The U.S. Needs More Colleges - jseliger
https://www.bloomberg.com/view/articles/2017-01-06/the-u-s-needs-more-colleges
======
joncrane
Interesting thought. So the idea is that increase in supply of higher
education will provide downward price pressure on the cost of higher
education?

Somewhat related, isn't there a glut of supply in professors (academia) and
super cutthroat competition to gain tenure? That would also address that
problem.

The last thing to look at is perhaps introducing sanity into the major
selection process?

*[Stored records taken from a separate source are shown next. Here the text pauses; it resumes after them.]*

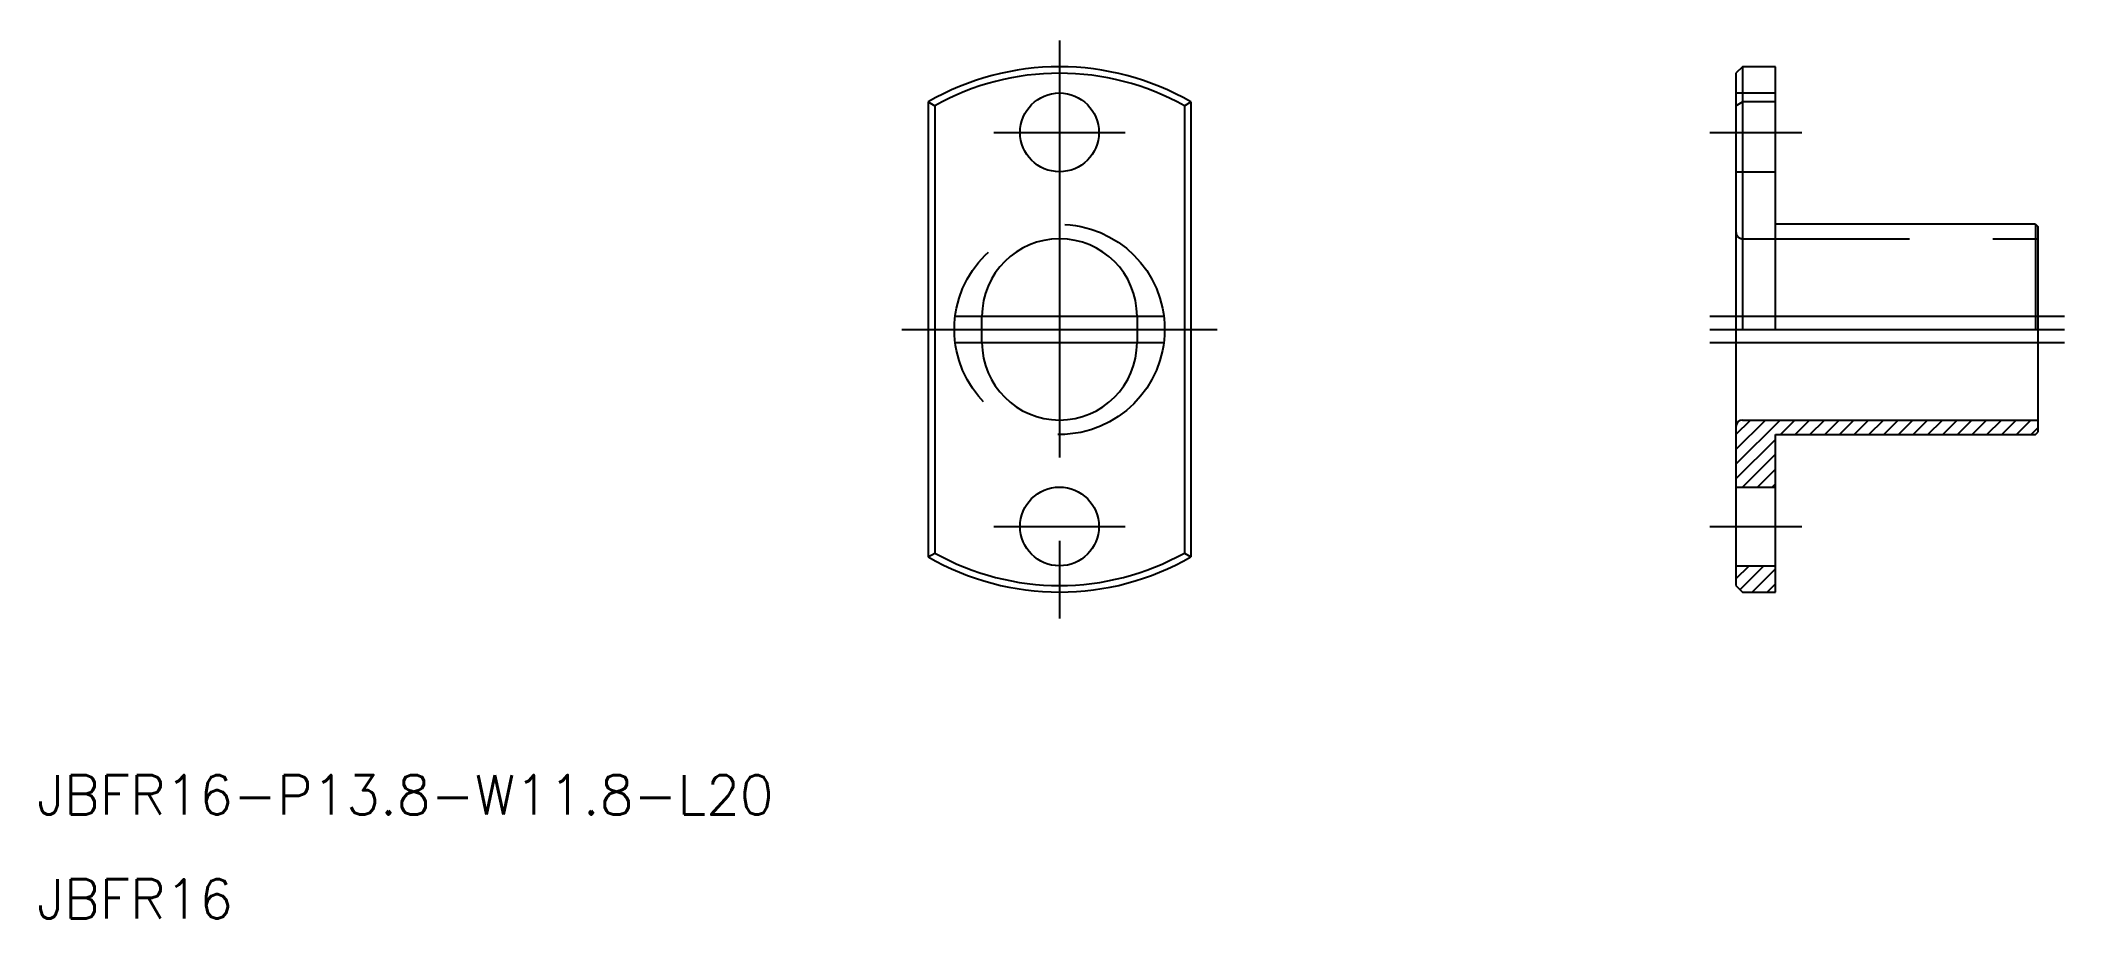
# Model space of a CAD drawing. Extents: x -78 to 76, y -45 to 22.
import ezdxf

# ---------------------------------------------------------------- set-up
doc = ezdxf.new("R2010")
doc.units = 0
doc.linetypes.add('CENTER', pattern=[50.8, 31.75, -6.35, 6.35, -6.35])
doc.linetypes.add('DASHED', pattern=[19.05, 12.7, -6.35])
doc.layers.get('0').update_dxf_attribs({"linetype": 'CONTINUOUS'})
doc.layers.add('CENTER', color=1, linetype='CENTER')
doc.styles.get("Standard").update_dxf_attribs({"font": 'txt.shx', "height": 3, "bigfont": 'bigfont.shx'})

msp = doc.modelspace()

# ---------------------------------------------------------------- linework, layer by layer
at = {"color": 7, "linetype": 'CONTINUOUS'}
for p, q in [((51.98, 20), (51.48, 19.5)), ((51.48, 19.5), (51.48, -19.5)), ((51.98, 20), (51.98, 0)), ((54.48, 20), (51.98, 20)), ((54.48, 0), (54.48, 20)), ((-10, 17.32), (-10, -17.32)), ((-10, 17.32), (-9.5, 17.03)), ((-9.5, 17.03), (-9.5, -17.03)), ((9.5, 17.03), (10, 17.32)), ((9.5, 17.03), (9.5, -17.03)), ((10, 17.32), (10, -17.32)), ((51.48, 17.03), (51.98, 17.32)), ((54.48, 17.32), (51.98, 17.32)), ((74.28, 8), (54.48, 8)), ((74.28, 8), (74.28, 0)), ((74.28, 8), (74.48, 7.8)), ((74.48, -7.8), (74.48, 7.8)), ((-5.9, -1), (-5.9, 1)), ((5.9, 1), (5.9, -1)), ((51.98, -6.9), (74.48, -6.9)), ((54.48, -8), (74.28, -8)), ((54.48, -20), (54.48, -8)), ((74.28, -8), (74.48, -7.8)), ((51.48, -12), (54.48, -12)), ((-10, -17.32), (-9.5, -17.03)), ((9.5, -17.03), (10, -17.32)), ((51.48, -18), (54.48, -18)), ((51.48, -19.5), (51.98, -20)), ((51.98, -20), (54.48, -20))]:
    msp.add_line(p, q, dxfattribs=at)
at = {"color": 3, "linetype": 'DASHED'}
for p, q in [((51.48, 18), (54.48, 18)), ((51.48, 12), (54.48, 12)), ((51.98, 6.9), (74.48, 6.9))]:
    msp.add_line(p, q, dxfattribs=at)
at = {"color": 3, "linetype": 'CONTINUOUS'}
for p, q in [((51.48, -8.01), (52.59, -6.9)), ((51.48, -9.14), (53.72, -6.9)), ((51.48, -10.26), (54.84, -6.9)), ((54.86, -8), (55.96, -6.9)), ((55.98, -8), (57.08, -6.9)), ((57.11, -8), (58.21, -6.9)), ((58.23, -8), (59.33, -6.9)), ((59.35, -8), (60.45, -6.9)), ((60.47, -8), (61.57, -6.9)), ((61.6, -8), (62.7, -6.9)), ((62.72, -8), (63.82, -6.9)), ((63.84, -8), (64.94, -6.9)), ((64.96, -8), (66.06, -6.9)), ((66.09, -8), (67.19, -6.9)), ((67.21, -8), (68.31, -6.9)), ((68.33, -8), (69.43, -6.9)), ((69.45, -8), (70.55, -6.9)), ((70.58, -8), (71.68, -6.9)), ((71.7, -8), (72.8, -6.9)), ((72.82, -8), (73.92, -6.9)), ((73.94, -8), (74.48, -7.46)), ((51.48, -11.38), (54.48, -8.38)), ((51.98, -12), (54.48, -9.5)), ((53.11, -12), (54.48, -10.63)), ((54.23, -12), (54.48, -11.75)), ((51.48, -18.99), (52.47, -18)), ((51.79, -19.81), (53.6, -18)), ((52.72, -20), (54.48, -18.24)), ((53.84, -20), (54.48, -19.36))]:
    msp.add_line(p, q, dxfattribs=at)
at = {"color": 7, "linetype": 'CONTINUOUS'}
for centre in [(0, 15), (0, -15)]:
    msp.add_circle(centre, 3, dxfattribs=at)
at = {"color": 3, "linetype": 'DASHED'}
msp.add_circle((0, 0), 8, dxfattribs=at)
at = {"color": 7, "linetype": 'CONTINUOUS'}
for centre, radius, start, end in [((0, 0), 20, 60, 120), ((0, 0), 19.5, 60.8446, 119.1554), ((0, 1), 5.9, 0, 180), ((0, -1), 5.9, 180, 0), ((51.98, -7.4), 0.5, 90, 180), ((0, 0), 20, 240, 300), ((0, 0), 19.5, 240.8446, 299.1554)]:
    msp.add_arc(centre, radius, start, end, dxfattribs=at)
at = {"color": 3, "linetype": 'DASHED'}
msp.add_arc((51.98, 7.4), 0.5, 180, 270, dxfattribs=at)
at = {"layer": 'CENTER', "color": 1, "linetype": 'CENTER'}
for p, q in [((0, 22), (0, -22)), ((-5, 15), (5, 15)), ((49.48, 15), (56.48, 15)), ((-12, 0), (12, 0)), ((-7.9, 1), (7.9, 1)), ((49.48, 1), (76.48, 1)), ((49.48, 0), (76.48, 0)), ((-7.9, -1), (7.9, -1)), ((49.48, -1), (76.48, -1)), ((-5, -15), (5, -15)), ((49.48, -15), (56.48, -15))]:
    msp.add_line(p, q, dxfattribs=at)

# ---------------------------------------------------------------- texts
at = {"color": 7, "linetype": 'CONTINUOUS'}
for s, p in [('JBFR16-P13.8-W11.8-L20', (-77.81, -36.94)), ('JBFR16', (-77.81, -44.86))]:
    msp.add_text(s, height=3, dxfattribs=at).set_placement(p)

doc.saveas('drawing.dxf')

I know so many people who are investing hundreds of
thousands of dollars and almost a decade into getting a PhD in something like
Ancient Languages that make me wonder if that's an appropriate vocation.
Avocation, sure, but how much benefit to society does that bring compared to
say doctors (of which there's a shortage, right)?

------
bediger4000
Not a bad article. I was afraid this was just another Bloomberg owner-biased
screed, where the price of employees is Just Too High, So We Need More
Candidates On The Market To Keep Salaries Down.

But it wasn't. Bloomberg editors asleep at the wheel? Their oligarchical
masters will be angry!

------
KiranJohny
We need more scalability. I think the top 100 collages in the world should be
scaled down to every person in the world.Second grade colleges are opportunity
cost for a human life.